**What the exercise asks**:
A complete answer retypes each of the records below precisely and includes none of the pictures.

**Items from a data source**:
------------------------

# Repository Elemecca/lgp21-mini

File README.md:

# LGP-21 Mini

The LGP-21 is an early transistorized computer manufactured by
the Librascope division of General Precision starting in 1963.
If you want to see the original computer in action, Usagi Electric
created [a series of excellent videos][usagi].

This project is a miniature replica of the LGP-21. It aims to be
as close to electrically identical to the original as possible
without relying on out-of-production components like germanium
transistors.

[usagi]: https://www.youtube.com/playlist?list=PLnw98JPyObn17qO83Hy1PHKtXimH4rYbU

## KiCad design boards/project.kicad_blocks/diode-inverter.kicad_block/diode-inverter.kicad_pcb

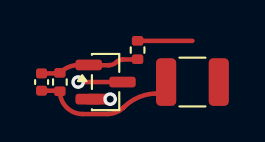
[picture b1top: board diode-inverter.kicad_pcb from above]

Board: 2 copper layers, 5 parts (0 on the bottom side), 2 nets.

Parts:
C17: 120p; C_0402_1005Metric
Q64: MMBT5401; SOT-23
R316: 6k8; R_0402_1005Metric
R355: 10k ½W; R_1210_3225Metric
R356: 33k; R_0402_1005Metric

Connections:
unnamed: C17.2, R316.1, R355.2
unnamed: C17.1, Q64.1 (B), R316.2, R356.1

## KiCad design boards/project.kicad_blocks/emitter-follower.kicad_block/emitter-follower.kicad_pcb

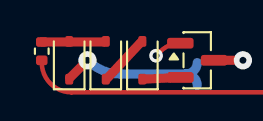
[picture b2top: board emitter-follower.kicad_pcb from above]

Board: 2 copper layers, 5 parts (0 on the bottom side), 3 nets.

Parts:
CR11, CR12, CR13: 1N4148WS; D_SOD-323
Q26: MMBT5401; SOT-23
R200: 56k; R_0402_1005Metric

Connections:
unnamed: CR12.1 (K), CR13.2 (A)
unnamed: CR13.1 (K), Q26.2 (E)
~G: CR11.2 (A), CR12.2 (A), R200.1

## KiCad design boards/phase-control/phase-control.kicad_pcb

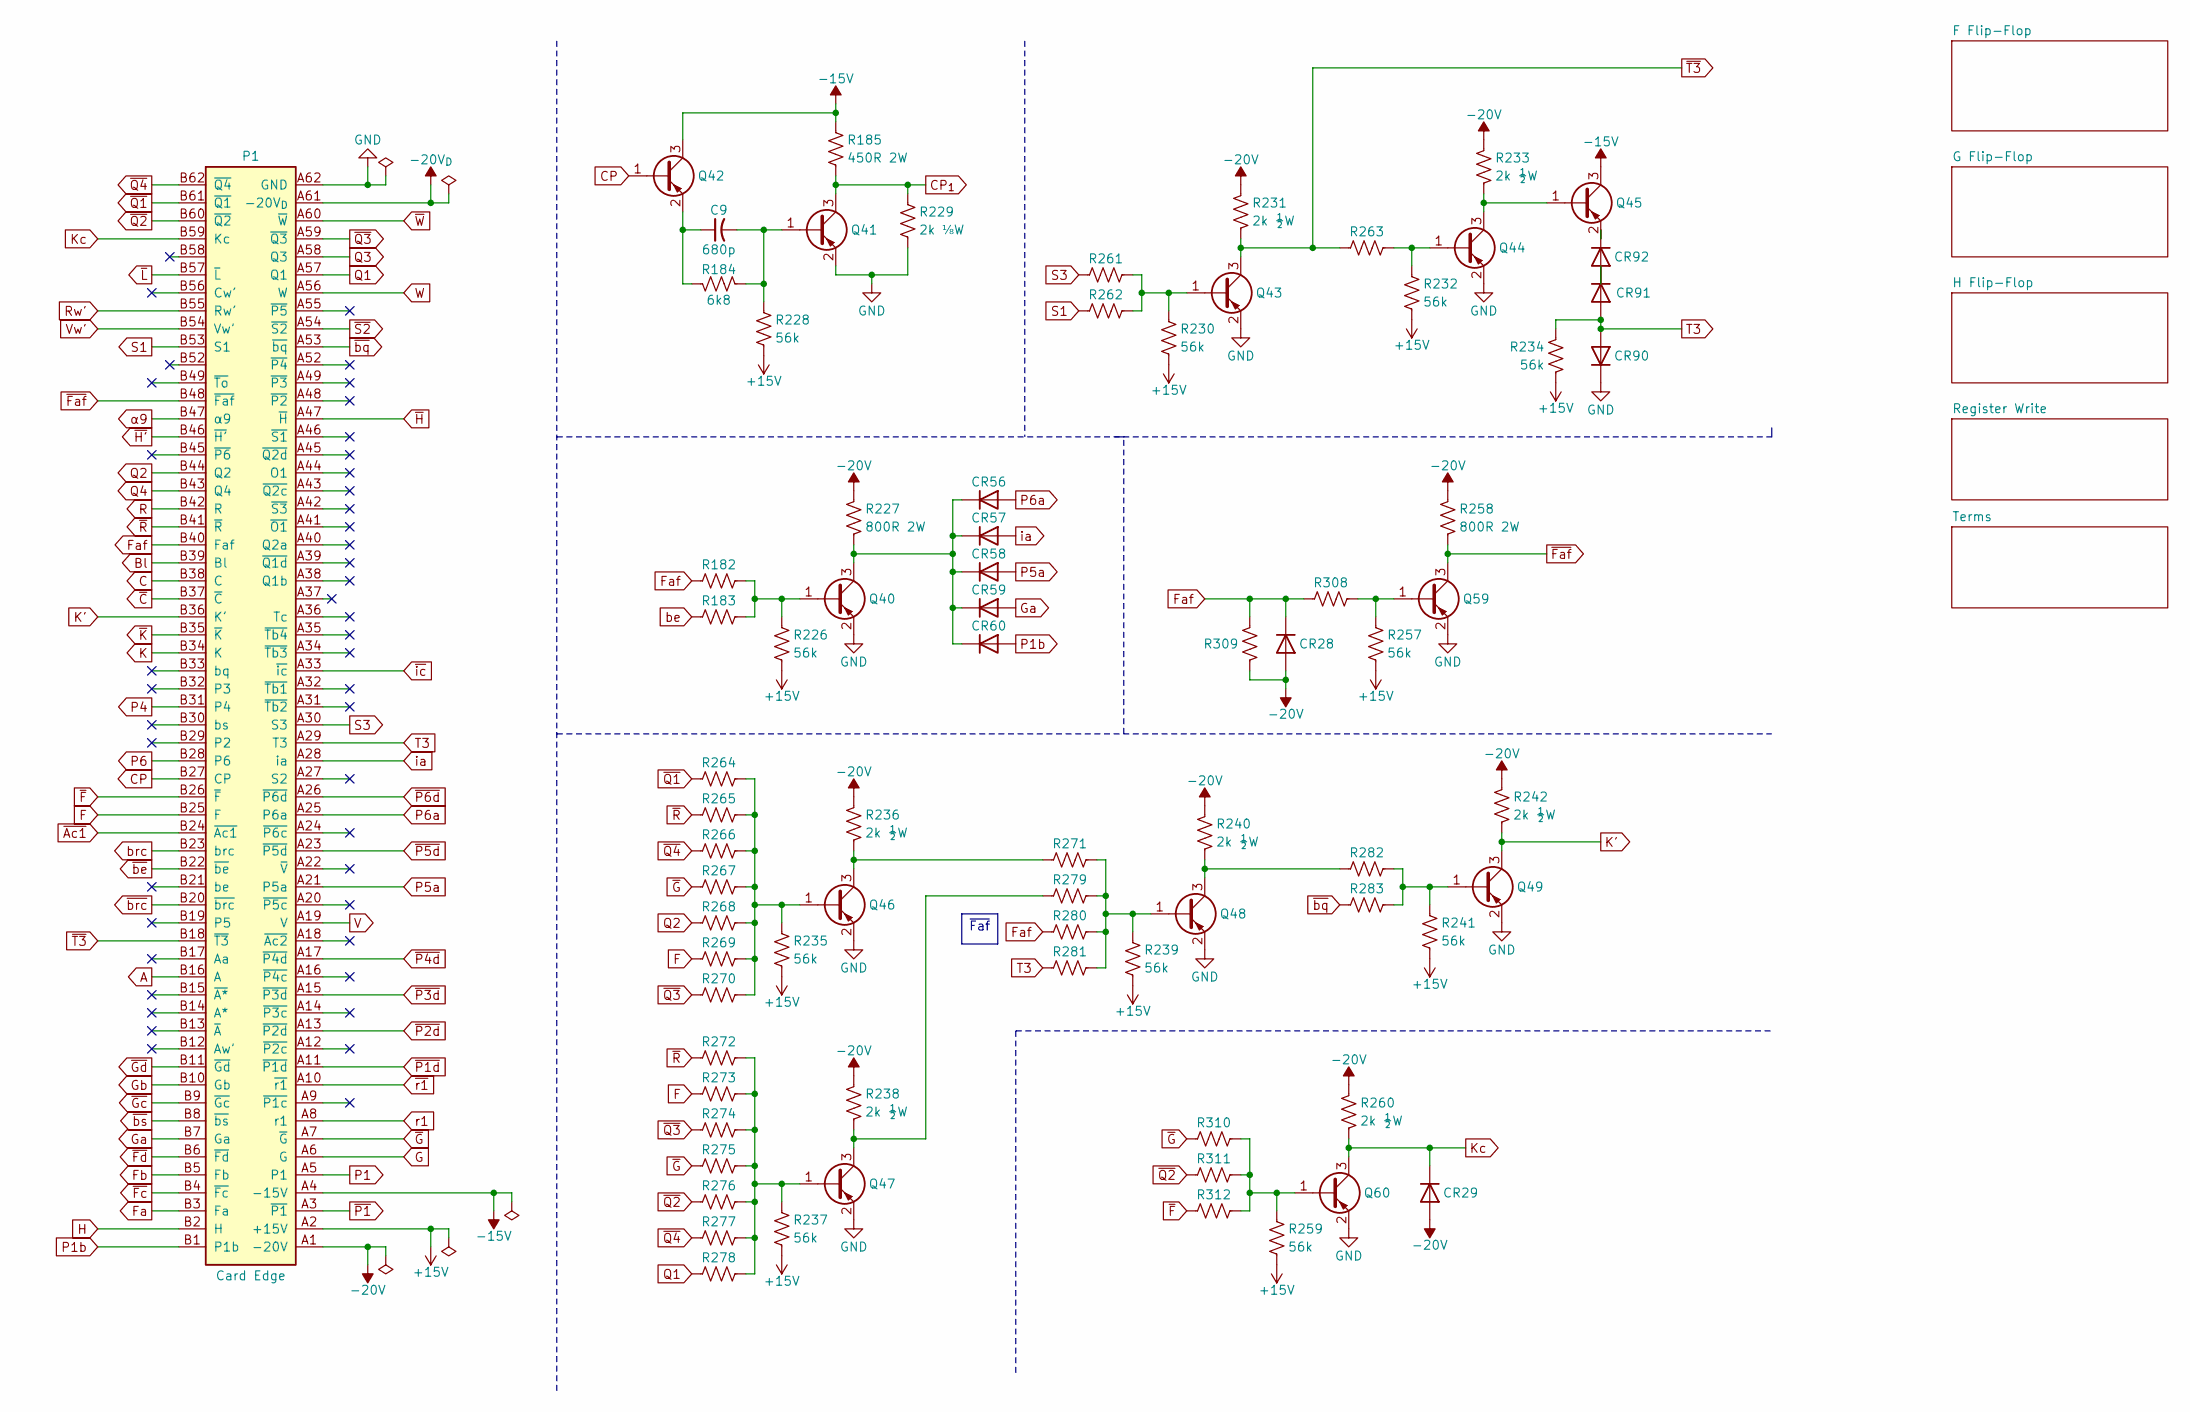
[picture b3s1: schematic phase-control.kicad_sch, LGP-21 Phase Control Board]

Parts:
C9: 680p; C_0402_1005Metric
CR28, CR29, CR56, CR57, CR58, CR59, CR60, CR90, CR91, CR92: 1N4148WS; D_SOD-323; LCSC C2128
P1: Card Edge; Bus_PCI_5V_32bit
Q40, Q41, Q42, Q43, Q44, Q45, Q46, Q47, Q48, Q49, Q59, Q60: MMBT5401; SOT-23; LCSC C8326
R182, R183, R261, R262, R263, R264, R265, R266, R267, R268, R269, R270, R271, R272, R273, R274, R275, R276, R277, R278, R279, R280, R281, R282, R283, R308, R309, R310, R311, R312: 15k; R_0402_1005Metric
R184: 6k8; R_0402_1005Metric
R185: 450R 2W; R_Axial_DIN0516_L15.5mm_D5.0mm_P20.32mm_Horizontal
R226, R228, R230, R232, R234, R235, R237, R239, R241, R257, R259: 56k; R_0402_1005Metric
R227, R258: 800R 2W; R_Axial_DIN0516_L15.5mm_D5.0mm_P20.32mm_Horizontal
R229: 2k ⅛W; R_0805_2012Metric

------------------------

**Reply to the exercise**:
# Repository Elemecca/lgp21-mini

File README.md:

# LGP-21 Mini

The LGP-21 is an early transistorized computer manufactured by
the Librascope division of General Precision starting in 1963.
If you want to see the original computer in action, Usagi Electric
created [a series of excellent videos][usagi].

This project is a miniature replica of the LGP-21. It aims to be
as close to electrically identical to the original as possible
without relying on out-of-production components like germanium
transistors.

[usagi]: https://www.youtube.com/playlist?list=PLnw98JPyObn17qO83Hy1PHKtXimH4rYbU

## KiCad design boards/project.kicad_blocks/diode-inverter.kicad_block/diode-inverter.kicad_pcb

[picture b1top: board diode-inverter.kicad_pcb from above]

Board: 2 copper layers, 5 parts (0 on the bottom side), 2 nets.

Parts:
C17: 120p; C_0402_1005Metric
Q64: MMBT5401; SOT-23
R316: 6k8; R_0402_1005Metric
R355: 10k ½W; R_1210_3225Metric
R356: 33k; R_0402_1005Metric

Connections:
unnamed: C17.2, R316.1, R355.2
unnamed: C17.1, Q64.1 (B), R316.2, R356.1

## KiCad design boards/project.kicad_blocks/emitter-follower.kicad_block/emitter-follower.kicad_pcb

[picture b2top: board emitter-follower.kicad_pcb from above]

Board: 2 copper layers, 5 parts (0 on the bottom side), 3 nets.

Parts:
CR11, CR12, CR13: 1N4148WS; D_SOD-323
Q26: MMBT5401; SOT-23
R200: 56k; R_0402_1005Metric

Connections:
unnamed: CR12.1 (K), CR13.2 (A)
unnamed: CR13.1 (K), Q26.2 (E)
~G: CR11.2 (A), CR12.2 (A), R200.1

## KiCad design boards/phase-control/phase-control.kicad_pcb

[picture b3s1: schematic phase-control.kicad_sch, LGP-21 Phase Control Board]

Parts:
C9: 680p; C_0402_1005Metric
CR28, CR29, CR56, CR57, CR58, CR59, CR60, CR90, CR91, CR92: 1N4148WS; D_SOD-323; LCSC C2128
P1: Card Edge; Bus_PCI_5V_32bit
Q40, Q41, Q42, Q43, Q44, Q45, Q46, Q47, Q48, Q49, Q59, Q60: MMBT5401; SOT-23; LCSC C8326
R182, R183, R261, R262, R263, R264, R265, R266, R267, R268, R269, R270, R271, R272, R273, R274, R275, R276, R277, R278, R279, R280, R281, R282, R283, R308, R309, R310, R311, R312: 15k; R_0402_1005Metric
R184: 6k8; R_0402_1005Metric
R185: 450R 2W; R_Axial_DIN0516_L15.5mm_D5.0mm_P20.32mm_Horizontal
R226, R228, R230, R232, R234, R235, R237, R239, R241, R257, R259: 56k; R_0402_1005Metric
R227, R258: 800R 2W; R_Axial_DIN0516_L15.5mm_D5.0mm_P20.32mm_Horizontal
R229: 2k ⅛W; R_0805_2012Metric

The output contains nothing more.